Warren also spoke out against the ad, even though it seems to cast her in a heroic light.

‘Elizabeth does not believe individual donors should have an outsized influence in this primary, and has consistently said that Super PACs or individuals with the means to finance ad campaigns on their own should stay out of the primary,’ her deputy communications director Chris Hayden said.

Shawe’s grudge seems to stem from a costly legal battle that her son’s translation company, TransPerfect, fought in Delaware’s chancery court in 2015.

In a landmark case, the head of the Delaware Chancery, Chancellor Andre Bouchard, ordered the dissolution of the company even though it was not in financial distress, but because its co-owners could not get along.

The court-ordered decision to sell TransPerfect came in 2015 after a chancellor concluded the feuding CEO’s Philip Shawe and Elizabeth Elting were ‘hopelessly deadlocked’ over significant matters and business decisions.

Shirley Shawe owned 1 percent of the company at the time of the forced sale, which resulted in her son Philip Shawe gaining ownership by bidding in the public auction.

Shirley Shawe launched a crusade against the chancery courts, however, lobbying lawmakers to banned forced sales like the one of TransPerfect.

‘When a judge makes a precedent and makes a ruling to just sell a privately held company, then why would other people be motivated to start a company and why would they be motivated to incorporate in the state of Delaware?
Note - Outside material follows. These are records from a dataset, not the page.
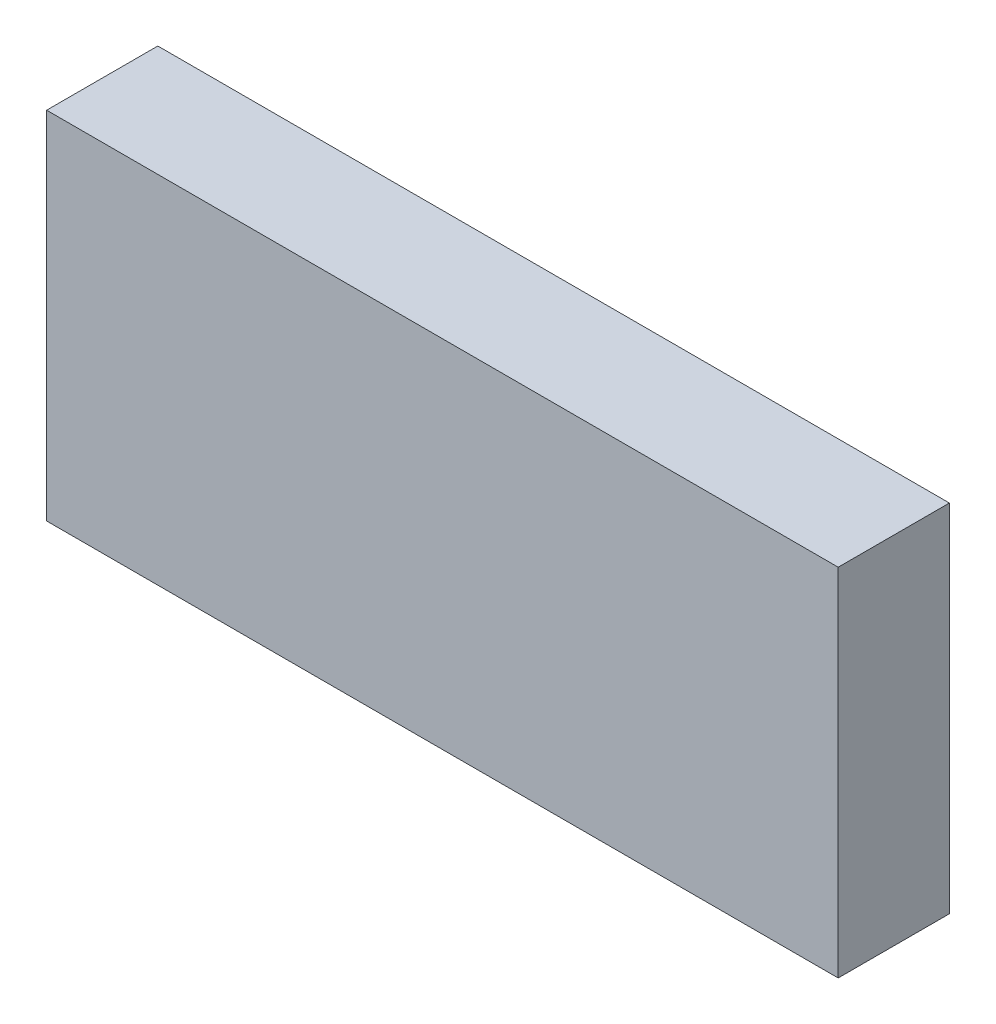
SolidWorks part; units mm, degrees
material "Acrylic (Medium-high impact)"
ref_plane "Front Plane" through (0, 0, 0) normal (0, 0, 1) x (1, 0, 0)
ref_plane "Top Plane" through (0, 0, 0) normal (0, 1, 0) x (1, 0, 0)
ref_plane "Right Plane" through (0, 0, 0) normal (1, 0, 0) x (0, 0, -1)
sketch "Sketch1" plane through (0, 0, 0) normal (0, 0, 1) x (1, 0, 0)
  line L1 (-7.0485, -111.9505) -> (-18.3515, -111.9505)
  line L2 (-7.0485, -111.9505) -> (-7.0485, -106.8705)
  line L3 (-7.0485, -106.8705) -> (-18.3515, -106.8705)
  line L4 (-18.3515, -111.9505) -> (-18.3515, -106.8705)
  dimension "D1" = 5.08
extrude "Boss-Extrude1" add sketch "Sketch1" along normal blind 1.5875

If someone is just going to take their private property?’ Shawe told WMDT-TV in 2017.

Shawe has said through a spokesperson that she is a Republican and did not intend to boost Warren with her ad.

She has vowed to run to run the TV ads in spite of the candidates’ protests, and has also reportedly ordered print newspaper ads on the subject.

What is a Court of Chancery?

Chancery courts began with petitions to the Lord Chancellor of England, and developed into a parallel legal system along with common law courts.

Chancery dealt with issues of equity, or what is fair, rather than matters of law, and had a looser set of rules to speed to pace of proceedings.

Instead of judges, they had chancellors, and had jurisdiction over trusts and estates, guardianship over children and ‘lunatics’.

They also handled lawsuits requesting something other than financial damages, such as an order requiring a party to perform a specific act.

Some states in the early U.S. republic replicated this dual legal system, but the two systems were merged in England in 1875.

Today, the U.S. Bankruptcy Court operates as a court of equity at the federal level, and several states maintain separate court systems for matters of law and equity.

Delaware, Mississippi, New Jersey, and Tennessee still make a distinction between a ‘court of law’ and chancery court.